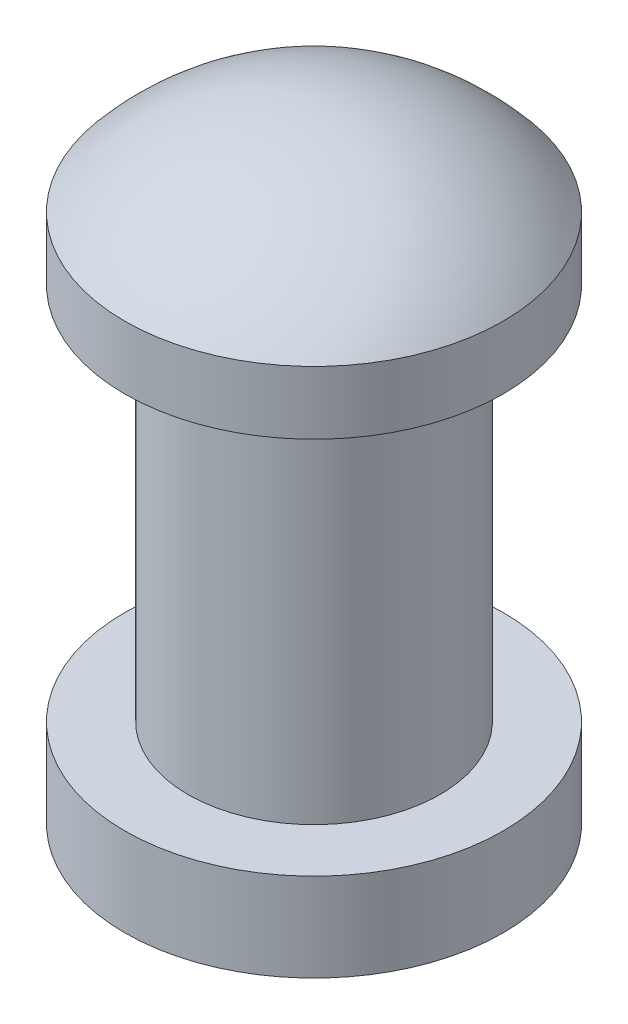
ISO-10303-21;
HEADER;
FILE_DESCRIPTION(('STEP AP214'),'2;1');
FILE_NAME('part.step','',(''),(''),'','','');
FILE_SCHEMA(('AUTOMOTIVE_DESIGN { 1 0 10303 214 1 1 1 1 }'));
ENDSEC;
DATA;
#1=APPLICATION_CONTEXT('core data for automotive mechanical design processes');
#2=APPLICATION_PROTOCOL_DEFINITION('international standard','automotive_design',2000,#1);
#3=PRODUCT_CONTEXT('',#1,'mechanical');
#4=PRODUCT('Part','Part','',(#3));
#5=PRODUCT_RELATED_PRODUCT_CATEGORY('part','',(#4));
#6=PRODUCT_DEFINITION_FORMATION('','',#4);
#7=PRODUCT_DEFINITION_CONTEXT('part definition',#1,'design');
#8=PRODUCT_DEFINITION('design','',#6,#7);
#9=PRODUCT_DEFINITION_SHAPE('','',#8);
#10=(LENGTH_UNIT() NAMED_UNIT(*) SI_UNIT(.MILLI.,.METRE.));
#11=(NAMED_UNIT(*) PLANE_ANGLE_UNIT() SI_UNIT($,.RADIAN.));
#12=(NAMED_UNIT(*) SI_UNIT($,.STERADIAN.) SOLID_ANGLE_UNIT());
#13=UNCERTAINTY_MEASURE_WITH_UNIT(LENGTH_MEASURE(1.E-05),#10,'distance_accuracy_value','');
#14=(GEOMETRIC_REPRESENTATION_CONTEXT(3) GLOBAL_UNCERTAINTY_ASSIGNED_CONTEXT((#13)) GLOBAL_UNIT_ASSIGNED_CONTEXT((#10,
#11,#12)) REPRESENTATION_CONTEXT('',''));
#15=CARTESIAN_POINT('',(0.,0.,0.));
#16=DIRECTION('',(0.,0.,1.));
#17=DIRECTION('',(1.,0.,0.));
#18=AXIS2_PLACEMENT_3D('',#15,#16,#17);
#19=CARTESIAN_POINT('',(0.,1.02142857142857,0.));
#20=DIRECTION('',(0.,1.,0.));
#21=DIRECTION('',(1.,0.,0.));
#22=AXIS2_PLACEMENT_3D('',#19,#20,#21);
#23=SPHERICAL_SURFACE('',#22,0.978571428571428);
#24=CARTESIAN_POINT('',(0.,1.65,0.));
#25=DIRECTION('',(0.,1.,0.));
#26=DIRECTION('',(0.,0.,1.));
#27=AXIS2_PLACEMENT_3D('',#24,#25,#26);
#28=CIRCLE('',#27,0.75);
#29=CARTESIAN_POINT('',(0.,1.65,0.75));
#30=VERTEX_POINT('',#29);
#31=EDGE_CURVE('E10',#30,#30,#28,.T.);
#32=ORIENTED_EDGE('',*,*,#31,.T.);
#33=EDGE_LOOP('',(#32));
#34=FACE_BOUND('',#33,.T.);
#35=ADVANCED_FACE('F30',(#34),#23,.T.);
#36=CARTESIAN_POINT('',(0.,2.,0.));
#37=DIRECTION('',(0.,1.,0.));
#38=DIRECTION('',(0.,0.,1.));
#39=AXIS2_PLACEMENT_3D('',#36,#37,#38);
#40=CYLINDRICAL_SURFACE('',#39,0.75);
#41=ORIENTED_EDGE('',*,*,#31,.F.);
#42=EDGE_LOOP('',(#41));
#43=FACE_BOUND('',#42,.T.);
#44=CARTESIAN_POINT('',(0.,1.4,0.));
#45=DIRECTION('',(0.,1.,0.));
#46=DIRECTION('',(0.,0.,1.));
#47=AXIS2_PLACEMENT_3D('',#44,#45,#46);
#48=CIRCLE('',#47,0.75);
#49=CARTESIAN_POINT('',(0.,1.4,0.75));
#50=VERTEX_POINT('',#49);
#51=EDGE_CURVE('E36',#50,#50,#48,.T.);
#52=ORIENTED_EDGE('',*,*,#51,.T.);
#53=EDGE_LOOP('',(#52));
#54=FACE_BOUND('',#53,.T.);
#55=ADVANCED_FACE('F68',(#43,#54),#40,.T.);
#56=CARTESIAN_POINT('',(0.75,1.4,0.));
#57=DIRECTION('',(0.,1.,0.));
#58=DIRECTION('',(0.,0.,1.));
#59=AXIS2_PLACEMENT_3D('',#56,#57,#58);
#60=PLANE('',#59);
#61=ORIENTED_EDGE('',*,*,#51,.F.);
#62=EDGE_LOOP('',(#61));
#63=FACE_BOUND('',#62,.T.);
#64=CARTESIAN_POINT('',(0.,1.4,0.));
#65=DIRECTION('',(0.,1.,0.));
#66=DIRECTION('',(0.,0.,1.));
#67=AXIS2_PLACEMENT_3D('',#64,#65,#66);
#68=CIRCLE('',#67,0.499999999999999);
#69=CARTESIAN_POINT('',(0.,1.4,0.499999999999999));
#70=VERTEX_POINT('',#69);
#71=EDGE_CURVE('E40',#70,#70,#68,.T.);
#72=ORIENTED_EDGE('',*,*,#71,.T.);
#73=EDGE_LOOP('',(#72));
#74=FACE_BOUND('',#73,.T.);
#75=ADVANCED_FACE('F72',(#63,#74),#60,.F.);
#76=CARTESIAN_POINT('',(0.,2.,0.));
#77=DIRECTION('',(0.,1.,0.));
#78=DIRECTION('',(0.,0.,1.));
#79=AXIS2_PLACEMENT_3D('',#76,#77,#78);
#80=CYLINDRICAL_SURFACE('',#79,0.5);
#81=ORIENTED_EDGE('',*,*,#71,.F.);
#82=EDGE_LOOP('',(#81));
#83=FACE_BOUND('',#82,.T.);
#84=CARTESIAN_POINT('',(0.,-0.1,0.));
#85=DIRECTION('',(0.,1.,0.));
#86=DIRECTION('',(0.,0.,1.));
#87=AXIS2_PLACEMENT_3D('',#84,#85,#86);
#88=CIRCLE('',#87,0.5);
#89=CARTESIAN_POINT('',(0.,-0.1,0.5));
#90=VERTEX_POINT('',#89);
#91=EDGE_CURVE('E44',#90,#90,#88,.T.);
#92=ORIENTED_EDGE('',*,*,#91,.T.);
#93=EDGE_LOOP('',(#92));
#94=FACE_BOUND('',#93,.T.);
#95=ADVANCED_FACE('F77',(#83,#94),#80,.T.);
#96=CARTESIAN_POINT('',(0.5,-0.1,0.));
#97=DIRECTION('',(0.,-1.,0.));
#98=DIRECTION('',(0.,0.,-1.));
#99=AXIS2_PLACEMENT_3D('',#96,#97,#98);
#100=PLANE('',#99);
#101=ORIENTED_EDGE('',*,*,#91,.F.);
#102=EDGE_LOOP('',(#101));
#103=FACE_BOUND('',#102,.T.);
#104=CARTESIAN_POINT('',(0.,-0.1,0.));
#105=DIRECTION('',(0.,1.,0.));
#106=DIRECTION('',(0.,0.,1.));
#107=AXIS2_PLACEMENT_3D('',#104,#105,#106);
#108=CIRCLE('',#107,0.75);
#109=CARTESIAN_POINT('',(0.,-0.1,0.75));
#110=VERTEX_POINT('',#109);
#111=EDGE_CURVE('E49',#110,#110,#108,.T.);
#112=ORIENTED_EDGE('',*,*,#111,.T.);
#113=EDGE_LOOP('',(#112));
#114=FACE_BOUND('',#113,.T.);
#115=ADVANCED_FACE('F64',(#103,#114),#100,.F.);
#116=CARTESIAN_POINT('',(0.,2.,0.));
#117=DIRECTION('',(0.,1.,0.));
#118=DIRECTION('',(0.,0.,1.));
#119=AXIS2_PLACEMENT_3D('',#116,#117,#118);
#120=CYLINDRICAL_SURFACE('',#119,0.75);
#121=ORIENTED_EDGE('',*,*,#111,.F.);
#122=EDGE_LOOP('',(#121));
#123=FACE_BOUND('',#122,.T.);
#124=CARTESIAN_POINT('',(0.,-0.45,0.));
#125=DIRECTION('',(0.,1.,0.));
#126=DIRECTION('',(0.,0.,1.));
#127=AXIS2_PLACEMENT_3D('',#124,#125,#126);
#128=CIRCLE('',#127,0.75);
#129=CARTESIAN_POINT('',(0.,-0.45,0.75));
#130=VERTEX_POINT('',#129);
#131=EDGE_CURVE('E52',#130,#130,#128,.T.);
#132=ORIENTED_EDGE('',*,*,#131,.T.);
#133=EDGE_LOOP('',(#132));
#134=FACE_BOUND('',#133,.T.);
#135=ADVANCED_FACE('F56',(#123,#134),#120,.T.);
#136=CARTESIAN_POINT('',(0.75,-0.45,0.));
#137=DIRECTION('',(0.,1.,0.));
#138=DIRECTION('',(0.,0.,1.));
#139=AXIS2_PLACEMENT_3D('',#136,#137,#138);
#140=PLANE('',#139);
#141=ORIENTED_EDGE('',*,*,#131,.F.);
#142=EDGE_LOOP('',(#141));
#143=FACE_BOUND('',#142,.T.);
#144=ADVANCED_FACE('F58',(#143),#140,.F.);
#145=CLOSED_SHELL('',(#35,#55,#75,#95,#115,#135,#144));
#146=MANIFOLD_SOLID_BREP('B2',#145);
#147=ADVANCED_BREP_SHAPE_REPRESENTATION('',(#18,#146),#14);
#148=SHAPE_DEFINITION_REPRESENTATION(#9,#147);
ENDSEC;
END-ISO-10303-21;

=== Your instructions ===
Starting with the line that holds "#21=DIRECTION('',(1.,0.,0.));" and ending with the line that holds "#52=ORIENTED_EDGE('',*,*,#51,.T.);", retype every line in the data above exactly, and nothing else.

=== Task response ===
#21=DIRECTION('',(1.,0.,0.));
#22=AXIS2_PLACEMENT_3D('',#19,#20,#21);
#23=SPHERICAL_SURFACE('',#22,0.978571428571428);
#24=CARTESIAN_POINT('',(0.,1.65,0.));
#25=DIRECTION('',(0.,1.,0.));
#26=DIRECTION('',(0.,0.,1.));
#27=AXIS2_PLACEMENT_3D('',#24,#25,#26);
#28=CIRCLE('',#27,0.75);
#29=CARTESIAN_POINT('',(0.,1.65,0.75));
#30=VERTEX_POINT('',#29);
#31=EDGE_CURVE('E10',#30,#30,#28,.T.);
#32=ORIENTED_EDGE('',*,*,#31,.T.);
#33=EDGE_LOOP('',(#32));
#34=FACE_BOUND('',#33,.T.);
#35=ADVANCED_FACE('F30',(#34),#23,.T.);
#36=CARTESIAN_POINT('',(0.,2.,0.));
#37=DIRECTION('',(0.,1.,0.));
#38=DIRECTION('',(0.,0.,1.));
#39=AXIS2_PLACEMENT_3D('',#36,#37,#38);
#40=CYLINDRICAL_SURFACE('',#39,0.75);
#41=ORIENTED_EDGE('',*,*,#31,.F.);
#42=EDGE_LOOP('',(#41));
#43=FACE_BOUND('',#42,.T.);
#44=CARTESIAN_POINT('',(0.,1.4,0.));
#45=DIRECTION('',(0.,1.,0.));
#46=DIRECTION('',(0.,0.,1.));
#47=AXIS2_PLACEMENT_3D('',#44,#45,#46);
#48=CIRCLE('',#47,0.75);
#49=CARTESIAN_POINT('',(0.,1.4,0.75));
#50=VERTEX_POINT('',#49);
#51=EDGE_CURVE('E36',#50,#50,#48,.T.);
#52=ORIENTED_EDGE('',*,*,#51,.T.);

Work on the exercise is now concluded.